App shopping and app portability - joshsharp
http://meyerweb.com/eric/thoughts/2010/06/03/app-shopping/

======
Tichy
Why do we even still need articles like that? I think the argument is already
lost the moment you have to justify things.

So what is left is: if the app store is good enough for you, go for it,
whatever.

I used to care more, since I have a vested interest in people deciding against
the app store, but I don't think new arguments will be made by now. Also
people won't switch sides because of arguments. By now, you are either a
Mapple person, or you are not.

------
iseff
_Except that’s only true because until now, nobody has launched an alternate
store that offers web stack applications (WSAs). Maybe that’s because nobody
is really building WSAs yet, at least not in numbers large enough to justify
building a store to sell them. But then, maybe developers aren’t building WSAs
because there’s no central place to sell them. The centralization of stores is
at least as attractive to sellers as to shoppers._

We've done a poor job of raising awareness about this (I promise we're trying
to do better), but we've been quietly testing out using our store, AppStoreHQ
(<http://www.appstorehq.com>), as a mobile web app store (what Eric calls
WSAs). We also promote native iPhone and Android apps. I could go on and on
about what we're doing, why it's cool, and how it helps developers, but Eric
does a relatively good job of explaining that.

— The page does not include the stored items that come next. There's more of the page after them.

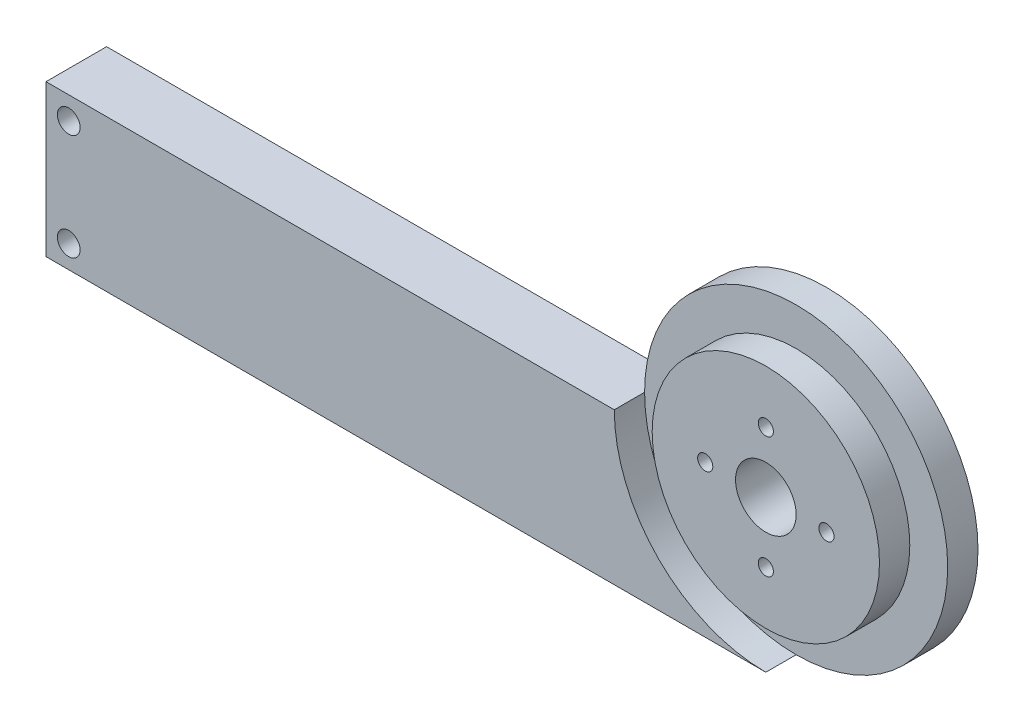
ISO-10303-21;
HEADER;
FILE_DESCRIPTION(('STEP AP214'),'2;1');
FILE_NAME('part.step','',(''),(''),'','','');
FILE_SCHEMA(('AUTOMOTIVE_DESIGN { 1 0 10303 214 1 1 1 1 }'));
ENDSEC;
DATA;
#1=APPLICATION_CONTEXT('core data for automotive mechanical design processes');
#2=APPLICATION_PROTOCOL_DEFINITION('international standard','automotive_design',2000,#1);
#3=PRODUCT_CONTEXT('',#1,'mechanical');
#4=PRODUCT('Part','Part','',(#3));
#5=PRODUCT_RELATED_PRODUCT_CATEGORY('part','',(#4));
#6=PRODUCT_DEFINITION_FORMATION('','',#4);
#7=PRODUCT_DEFINITION_CONTEXT('part definition',#1,'design');
#8=PRODUCT_DEFINITION('design','',#6,#7);
#9=PRODUCT_DEFINITION_SHAPE('','',#8);
#10=(LENGTH_UNIT() NAMED_UNIT(*) SI_UNIT(.MILLI.,.METRE.));
#11=(NAMED_UNIT(*) PLANE_ANGLE_UNIT() SI_UNIT($,.RADIAN.));
#12=(NAMED_UNIT(*) SI_UNIT($,.STERADIAN.) SOLID_ANGLE_UNIT());
#13=UNCERTAINTY_MEASURE_WITH_UNIT(LENGTH_MEASURE(1.E-05),#10,'distance_accuracy_value','');
#14=(GEOMETRIC_REPRESENTATION_CONTEXT(3) GLOBAL_UNCERTAINTY_ASSIGNED_CONTEXT((#13)) GLOBAL_UNIT_ASSIGNED_CONTEXT((#10,
#11,#12)) REPRESENTATION_CONTEXT('',''));
#15=CARTESIAN_POINT('',(0.,0.,0.));
#16=DIRECTION('',(0.,0.,1.));
#17=DIRECTION('',(1.,0.,0.));
#18=AXIS2_PLACEMENT_3D('',#15,#16,#17);
#19=CARTESIAN_POINT('',(32.9922327651456,28.0992721164614,8.));
#20=DIRECTION('',(0.,0.,-1.));
#21=DIRECTION('',(-1.,0.,0.));
#22=AXIS2_PLACEMENT_3D('',#19,#20,#21);
#23=CYLINDRICAL_SURFACE('',#22,20.);
#24=CARTESIAN_POINT('',(32.9922327651456,28.0992721164614,4.));
#25=DIRECTION('',(0.,0.,1.));
#26=DIRECTION('',(1.,0.,0.));
#27=AXIS2_PLACEMENT_3D('',#24,#25,#26);
#28=CIRCLE('',#27,20.);
#29=CARTESIAN_POINT('',(32.9922327651456,8.09927211646137,4.));
#30=VERTEX_POINT('',#29);
#31=CARTESIAN_POINT('',(12.9922327651456,28.0992721164614,4.));
#32=VERTEX_POINT('',#31);
#33=EDGE_CURVE('E124',#30,#32,#28,.T.);
#34=ORIENTED_EDGE('',*,*,#33,.F.);
#35=DIRECTION('',(0.,0.,-1.));
#36=VECTOR('',#35,1.);
#37=CARTESIAN_POINT('',(32.9922327651456,8.09927211646137,8.));
#38=LINE('',#37,#36);
#39=CARTESIAN_POINT('',(32.9922327651456,8.09927211646137,0.));
#40=VERTEX_POINT('',#39);
#41=EDGE_CURVE('E130',#30,#40,#38,.T.);
#42=ORIENTED_EDGE('',*,*,#41,.T.);
#43=CARTESIAN_POINT('',(32.9922327651456,28.0992721164614,0.));
#44=DIRECTION('',(0.,0.,1.));
#45=DIRECTION('',(1.,0.,0.));
#46=AXIS2_PLACEMENT_3D('',#43,#44,#45);
#47=CIRCLE('',#46,20.);
#48=CARTESIAN_POINT('',(12.9922327651456,28.0992721164614,0.));
#49=VERTEX_POINT('',#48);
#50=EDGE_CURVE('E95',#40,#49,#47,.T.);
#51=ORIENTED_EDGE('',*,*,#50,.T.);
#52=DIRECTION('',(0.,0.,-1.));
#53=VECTOR('',#52,1.);
#54=CARTESIAN_POINT('',(12.9922327651456,28.0992721164614,8.));
#55=LINE('',#54,#53);
#56=EDGE_CURVE('E44',#32,#49,#55,.T.);
#57=ORIENTED_EDGE('',*,*,#56,.F.);
#58=EDGE_LOOP('',(#34,#42,#51,#57));
#59=FACE_BOUND('',#58,.T.);
#60=ADVANCED_FACE('F35',(#59),#23,.T.);
#61=CARTESIAN_POINT('',(0.,28.0992721164614,8.));
#62=DIRECTION('',(0.,1.,0.));
#63=DIRECTION('',(0.,0.,1.));
#64=AXIS2_PLACEMENT_3D('',#61,#62,#63);
#65=PLANE('',#64);
#66=DIRECTION('',(1.,0.,0.));
#67=VECTOR('',#66,1.);
#68=CARTESIAN_POINT('',(0.,28.0992721164614,0.));
#69=LINE('',#68,#67);
#70=CARTESIAN_POINT('',(-62.0027952303751,28.0992721164614,0.));
#71=VERTEX_POINT('',#70);
#72=EDGE_CURVE('E85',#71,#49,#69,.T.);
#73=ORIENTED_EDGE('',*,*,#72,.F.);
#74=DIRECTION('',(0.,0.,1.));
#75=VECTOR('',#74,1.);
#76=CARTESIAN_POINT('',(-62.0027952303751,28.0992721164614,0.));
#77=LINE('',#76,#75);
#78=CARTESIAN_POINT('',(-62.0027952303751,28.0992721164614,8.));
#79=VERTEX_POINT('',#78);
#80=EDGE_CURVE('E89',#71,#79,#77,.T.);
#81=ORIENTED_EDGE('',*,*,#80,.T.);
#82=DIRECTION('',(1.,0.,0.));
#83=VECTOR('',#82,1.);
#84=CARTESIAN_POINT('',(0.,28.0992721164614,8.));
#85=LINE('',#84,#83);
#86=CARTESIAN_POINT('',(12.9922327651456,28.0992721164614,8.));
#87=VERTEX_POINT('',#86);
#88=EDGE_CURVE('E126',#79,#87,#85,.T.);
#89=ORIENTED_EDGE('',*,*,#88,.T.);
#90=EDGE_CURVE('E11',#87,#32,#55,.T.);
#91=ORIENTED_EDGE('',*,*,#90,.T.);
#92=ORIENTED_EDGE('',*,*,#56,.T.);
#93=EDGE_LOOP('',(#73,#81,#89,#91,#92));
#94=FACE_BOUND('',#93,.T.);
#95=ADVANCED_FACE('F87',(#94),#65,.T.);
#96=CARTESIAN_POINT('',(0.,8.09927211646137,8.));
#97=DIRECTION('',(0.,1.,0.));
#98=DIRECTION('',(0.,0.,1.));
#99=AXIS2_PLACEMENT_3D('',#96,#97,#98);
#100=PLANE('',#99);
#101=DIRECTION('',(1.,0.,0.));
#102=VECTOR('',#101,1.);
#103=CARTESIAN_POINT('',(0.,8.09927211646137,0.));
#104=LINE('',#103,#102);
#105=CARTESIAN_POINT('',(-62.0027952303751,8.09927211646137,0.));
#106=VERTEX_POINT('',#105);
#107=EDGE_CURVE('E94',#106,#40,#104,.T.);
#108=ORIENTED_EDGE('',*,*,#107,.T.);
#109=ORIENTED_EDGE('',*,*,#41,.F.);
#110=CARTESIAN_POINT('',(32.9922327651456,8.09927211646137,8.));
#111=VERTEX_POINT('',#110);
#112=EDGE_CURVE('E68',#111,#30,#38,.T.);
#113=ORIENTED_EDGE('',*,*,#112,.F.);
#114=DIRECTION('',(1.,0.,0.));
#115=VECTOR('',#114,1.);
#116=CARTESIAN_POINT('',(0.,8.09927211646137,8.));
#117=LINE('',#116,#115);
#118=CARTESIAN_POINT('',(-62.0027952303751,8.09927211646137,8.));
#119=VERTEX_POINT('',#118);
#120=EDGE_CURVE('E128',#119,#111,#117,.T.);
#121=ORIENTED_EDGE('',*,*,#120,.F.);
#122=DIRECTION('',(0.,0.,1.));
#123=VECTOR('',#122,1.);
#124=CARTESIAN_POINT('',(-62.0027952303751,8.09927211646137,0.));
#125=LINE('',#124,#123);
#126=EDGE_CURVE('E104',#106,#119,#125,.T.);
#127=ORIENTED_EDGE('',*,*,#126,.F.);
#128=EDGE_LOOP('',(#108,#109,#113,#121,#127));
#129=FACE_BOUND('',#128,.T.);
#130=ADVANCED_FACE('F195',(#129),#100,.F.);
#131=CARTESIAN_POINT('',(0.,0.,8.));
#132=DIRECTION('',(0.,0.,1.));
#133=DIRECTION('',(1.,0.,0.));
#134=AXIS2_PLACEMENT_3D('',#131,#132,#133);
#135=PLANE('',#134);
#136=CARTESIAN_POINT('',(-59.0027952303751,11.0992721164614,8.));
#137=DIRECTION('',(0.,0.,1.));
#138=DIRECTION('',(1.,0.,0.));
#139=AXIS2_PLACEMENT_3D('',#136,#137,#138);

Instead, I'll just give you a tidbit of information about how we're _actually_
seeing this work in the wild: In short, it works. I developed -- as the first
test app available for purchase on our mobile web app platform -- an app I
named fortysquires (<http://fortysquires.com>). Fortysquires is just an HTML5
frontend to foursquare's API. I open sourced it so developers could see just
how simple it is to integrate with us
(<http://github.com/iseff/fortysquires>).

What's amazing about fortysquires is that I really didn't expect to sell more
than a few copies. It was built just to be a reference app. Remember, this is
a paid ($0.99) app that competes against free, more well-featured native apps
for Android, iPhone, and BlackBerry. There's also a mobile web version of
foursquare (but it's not HTML5 and doesn't include geolocation, etc, like
fortysquires does). I really thought I'd sell maybe two or three copies to
developers looking to test out the workflow.

Yet, what I'm seeing is that _real users_ are purchasing this app, _everyday_.
Everyday, I sell at least one -- but typically more like 3-4 -- "copies" of
the app. It's not a gold mine, of course, but it far surpassed my
expectations. These are users from all over the world on all sorts of
different devices. iPhone usage is >50%, but Android is close to 20%, and
Symbian, Windows Mobile, Palm, and Samsung all make the cut. And 50% of
visitors are from the US, 25% from western Europe, and the rest is divided
between many, many countries like Canada, Australia, Israel, Russia, many
Asian countries, Costa Rica, Maldives, Camaroon, Kyrgyzstan, etc. In all, more
than 70 different countries have checked out fortysquires!

We have a lot of work to be done to build a great platform for mobile web app
developers to sell their apps (read: we need to make distribution even better
for developers, and the purchasing workflow even more frictionless for users,
among many other things), but I think we're well on our way to doing so.
Mobile web apps may never compete head-to-head with native apps in certain
categories (Games), but I think we're proving that they can compete -- and
even win -- when the ability to discover and purchase the apps is easy and the
apps are great.